堤直規『公務員の「異動」の教科書』(学陽書房)

 

公務員の「異動」の教科書

公務員の「異動」の教科書

 

 公務員は定期的に異動があるので、ほかの業種よりも異動対策が必要なのかもしれない。本書は異動に際しての心構えを書いたもの。だが、中身については一般的によく言われていることばかりで、最近の経営学的知見が生かされているわけでもなければ、特に真新しいアイディアが書かれているわけでもない。

 ただ一点心に残ったのは、「鳥の視点」「虫の視点」「魚の視点」の教え。俯瞰的に仕事を眺めることも大事だし、細かく担当業務を極めることも大事だし、時代の流れを察するのも大事である。この教えはとてもいいと思った。全般的に新入職員向けで、いまさら言われるほどのこともないことが多い。 

宮本・山口『日本の政治を変える』(岩波現代全書)

 

徹底討論 日本の政治を変える――これまでとこれから (岩波現代全書)

徹底討論 日本の政治を変える――これまでとこれから (岩波現代全書)

 

  「曲がり角を適切に曲がれなかった」日本政治を省みている本。戦後日本の政治経済は冷戦の終焉、バブルの崩壊をきっかけに、1990年代以降急速に時代遅れになった。しかし、制度改革はむしろ人々の政治参加の意欲を減退させ、政権交代自民党以外の政治勢力への不信だけ残し、変化・改革を模索しながら答えを見いだせないでいる。

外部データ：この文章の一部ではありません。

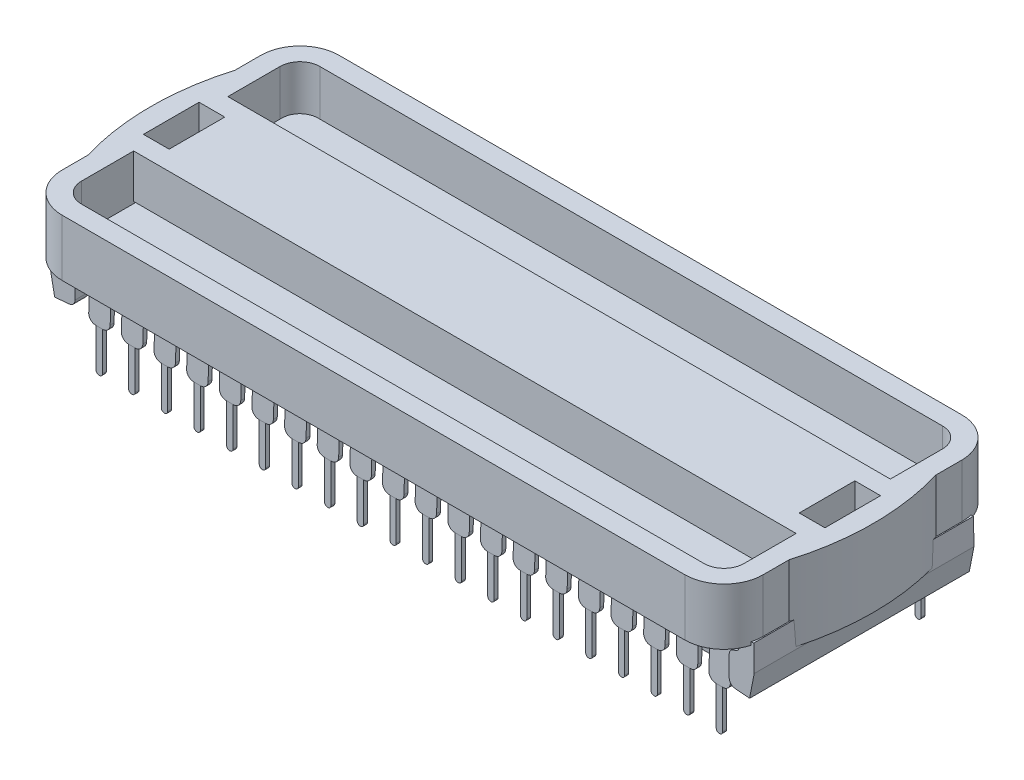
from build123d import *

# Parameters (mm, degrees)
SKETCH1_W                     = 52.32
SKETCH1_H                     = 14.75
BOSS_EXTRUDE1_DEPTH           = 1.875
BOSS_EXTRUDE1_TAPER           = 6
BOSS_EXTRUDE1_OTHER_WAY_DEPTH = 1.875
BOSS_EXTRUDE1_OTHER_WAY_TAPER = 6
SKETCH2_R                     = 0.625
CUT_EXTRUDE1_DEPTH            = 0.35
FILLET1_SIZE                  = 0.35
FILLET1_SIZE_2                = 0.5
SKETCH3_W                     = 9.425447068
SKETCH3_H                     = 1.192626765
SKETCH3_H_2                   = 1.192626766
CUT_EXTRUDE2_DEPTH            = 0.75
BOSS_EXTRUDE2_DEPTH           = 1.67
CUT_EXTRUDE3_DEPTH            = 1.67
LPATTERN1_COUNT               = 20
LPATTERN1_PITCH               = 2.54
PCB_DEPTH                     = 0.8
BOSS_EXTRUDE8_DEPTH           = 1
BOSS_EXTRUDE10_DEPTH          = 1.4
BOSS_EXTRUDE13_DEPTH          = 7.55
BOSS_EXTRUDE13_DEPTH_BACK     = 7.55
BOSS_EXTRUDE13_2_DEPTH        = 7.55
BOSS_EXTRUDE13_2_DEPTH_BACK   = 7.55
CUT_EXTRUDE4_DEPTH            = 0.15
CUT_EXTRUDE4_DEPTH_BACK       = 0.5
BOSS_EXTRUDE15_DEPTH          = 1
BOSS_EXTRUDE16_START          = -15.1
BOSS_EXTRUDE16_DEPTH          = 1
CUT_EXTRUDE5_DEPTH            = 0.35
BOSS_EXTRUDE17_DEPTH          = 2
BOSS_EXTRUDE19_DEPTH          = 6
BOSS_EXTRUDE20_START          = -7.33
BOSS_EXTRUDE20_DEPTH          = 7.33
SKETCH32_W                    = 2
SKETCH32_H                    = 4.33
CUT_EXTRUDE6_DEPTH            = 3


# Read off the part's stored shape, not the designer's step: Boss-Extrude20
with BuildPart() as part:
    # Sketch1 → Boss-Extrude1 (new body)
    with BuildSketch(Plane(origin=(0, 0, 0), x_dir=(1, 0, 0), z_dir=(0, 1, 0))):
        Rectangle(SKETCH1_W, SKETCH1_H)
    extrude(amount=BOSS_EXTRUDE1_DEPTH, taper=BOSS_EXTRUDE1_TAPER)

    # Sketch1 → Boss-Extrude1 other way (add)
    with BuildSketch(Plane(origin=(0, 0, 0), x_dir=(1, 0, 0), z_dir=(0, 1, 0))):
        Rectangle(SKETCH1_W, SKETCH1_H)
    extrude(amount=-BOSS_EXTRUDE1_OTHER_WAY_DEPTH, taper=BOSS_EXTRUDE1_OTHER_WAY_TAPER)

    # Sketch2 → Cut-Extrude1 (cut)
    with BuildSketch(Plane(origin=(0, 1.875, 0), x_dir=(1, 0, 0), z_dir=(0, 1, 0))):
        with Locations(Location((24.337929559, 5.552929559, 0), (0, 0, 270))):
            Circle(SKETCH2_R)
    extrude(amount=-CUT_EXTRUDE1_DEPTH, mode=Mode.SUBTRACT)

    # Fillet1
    # an asymmetric fillet: 0.5, 0.35 mm, written as the material it adds along each edge
    with BuildSketch(Plane(origin=(24.337929559, 1.525, -5.552929559), x_dir=(0, 0, 1), z_dir=(-1, 0, 0))) as fillet1_piece_1:
        with BuildLine():
            Bezier((0.625, FILLET1_SIZE), (0.625, 0), (0.625 - FILLET1_SIZE_2, 0), weights=[1, 0.707106781, 1])
            Line((0.625 - FILLET1_SIZE_2, 0), (0.625, 0))
            Line((0.625, 0), (0.625, FILLET1_SIZE))
        make_face()
    revolve(axis=Axis((24.337929559, 1.525, -5.552929559), (0, 1, 0)))

    # Sketch3 → Cut-Extrude2 (cut)
    with BuildSketch(Plane(origin=(0, 1.875, 0), x_dir=(1, 0, 0), z_dir=(0, 1, 0))):
        with Locations((30.675653093, 0.528686618)):
            Rectangle(SKETCH3_W, SKETCH3_H)
        with Locations((30.675653093, -0.663940148)):
            Rectangle(SKETCH3_W, SKETCH3_H_2)
        with BuildLine():
            Line((25.962929559, -0.067626765), (24.839964011, -0.067626765))
            ThreePointArc((24.839964011, -0.067626765), (25.143873666, -0.906468445), (25.962929559, -1.260253531))
            Line((25.962929559, -1.260253531), (25.962929559, -0.067626765))
        make_face()
        with BuildLine():
            Line((25.962929559, -0.067626765), (25.962929559, 1.125))
            ThreePointArc((25.962929559, 1.125), (25.143873666, 0.771214915), (24.839964011, -0.067626765))
            Line((24.839964011, -0.067626765), (25.962929559, -0.067626765))
        make_face()
    extrude(amount=-CUT_EXTRUDE2_DEPTH, mode=Mode.SUBTRACT)


with BuildPart() as body_2:
    # Sketch5 → Boss-Extrude2 (new body)
    with BuildSketch(Plane(origin=(0, 0, 0), x_dir=(0, 0, -1), z_dir=(1, 0, 0))):
        with BuildLine():
            Line((6.590230819, 0.15), (7.532975883, 0.15))
            ThreePointArc((7.532975883, 0.15), (7.706864121, 0.079618709), (7.78284453, -0.091896954))
            Line((7.78284453, -0.091896954), (7.875, -2.933638636))
            Line((7.875, -2.933638636), (7.875, -6.183638636))
            Line((7.875, -6.183638636), (7.575, -6.183638636))
            Line((7.575, -6.183638636), (7.575, -2.938501741))
            Line((7.575, -2.938501741), (7.486139966, -0.198379391))
            ThreePointArc((7.486139966, -0.198379391), (7.470943884, -0.164076258), (7.436166236, -0.15))
            Line((7.436166236, -0.15), (6.590230819, -0.15))
            Line((6.590230819, -0.15), (6.590230819, 0.15))
        make_face()
    extrude(amount=BOSS_EXTRUDE2_DEPTH)

    # Sketch6 → Cut-Extrude3 (cut)
    with BuildSketch(Plane(origin=(0, 0, -7.875), x_dir=(-1, 0, 0), z_dir=(0, 0, -1))):
        with BuildLine():
            Line((-1.085, -2.933638636), (-1.085, -5.938638636))
            ThreePointArc((-1.085, -5.938638636), (-1.013241161, -6.111879797), (-0.84, -6.183638636))
            Line((-0.84, -6.183638636), (-0.83, -6.183638636))
            ThreePointArc((-0.83, -6.183638636), (-0.656758839, -6.111879797), (-0.585, -5.938638636))
            Line((-0.585, -5.938638636), (-0.585, -2.933638636))
            Line((-0.585, -2.933638636), (-0.55, -2.933638636))
            ThreePointArc((-0.55, -2.933638636), (-0.16109127, -2.772547365), (0, -2.383638636))
            Line((0, -2.383638636), (0, -0.091896954))
            Line((0, -0.091896954), (1.792240485, -0.091896954))
            Line((1.792240485, -0.091896954), (1.792240485, -6.637804987))
            Line((1.792240485, -6.637804987), (-3.564600504, -6.637804987))
            Line((-3.564600504, -6.637804987), (-3.564600504, -0.091896954))
            Line((-3.564600504, -0.091896954), (-1.67, -0.091896954))
            Line((-1.67, -0.091896954), (-1.67, -2.383638636))
            ThreePointArc((-1.67, -2.383638636), (-1.50890873, -2.772547365), (-1.12, -2.933638636))
            Line((-1.12, -2.933638636), (-1.085, -2.933638636))
        make_face()
    extrude(amount=-CUT_EXTRUDE3_DEPTH, mode=Mode.SUBTRACT)


with BuildPart() as body_2_1:
    # Body-Move/Copy1: moved
    add(body_2.part.moved(Location((23.18, 0, 0))))


with BuildPart() as lpattern1_1:
    # LPattern1: pattern copy
    add(body_2_1.part.moved(Location(Vector(-1, 0, 0) * (1 * LPATTERN1_PITCH))))


with BuildPart() as lpattern1_2:
    # LPattern1: pattern copy
    add(body_2_1.part.moved(Location(Vector(-1, 0, 0) * (2 * LPATTERN1_PITCH))))


with BuildPart() as lpattern1_3:
    # LPattern1: pattern copy
    add(body_2_1.part.moved(Location(Vector(-1, 0, 0) * (3 * LPATTERN1_PITCH))))


with BuildPart() as lpattern1_4:
    # LPattern1: pattern copy
    add(body_2_1.part.moved(Location(Vector(-1, 0, 0) * (4 * LPATTERN1_PITCH))))


with BuildPart() as lpattern1_5:
    # LPattern1: pattern copy
    add(body_2_1.part.moved(Location(Vector(-1, 0, 0) * (5 * LPATTERN1_PITCH))))


with BuildPart() as lpattern1_6:
    # LPattern1: pattern copy
    add(body_2_1.part.moved(Location(Vector(-1, 0, 0) * (6 * LPATTERN1_PITCH))))


with BuildPart() as lpattern1_7:
    # LPattern1: pattern copy
    add(body_2_1.part.moved(Location(Vector(-1, 0, 0) * (7 * LPATTERN1_PITCH))))


with BuildPart() as lpattern1_8:
    # LPattern1: pattern copy
    add(body_2_1.part.moved(Location(Vector(-1, 0, 0) * (8 * LPATTERN1_PITCH))))


with BuildPart() as lpattern1_9:
    # LPattern1: pattern copy
    add(body_2_1.part.moved(Location(Vector(-1, 0, 0) * (9 * LPATTERN1_PITCH))))


with BuildPart() as lpattern1_10:
    # LPattern1: pattern copy
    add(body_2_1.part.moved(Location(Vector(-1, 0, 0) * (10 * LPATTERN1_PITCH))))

 日本政治が曲がり角をうまく曲がれなかったのは、曲がり角自体がどんなものかを誰も理解していなかったことによる。本当の課題は日本社会を支えてきた雇用レジームの崩壊に際して新たなレジームを構築することだった。90年代から00年代にかけて日本政治は惰性に従って変革を遂げることができなかった。「成長」神話からの脱却が著しく遅れた。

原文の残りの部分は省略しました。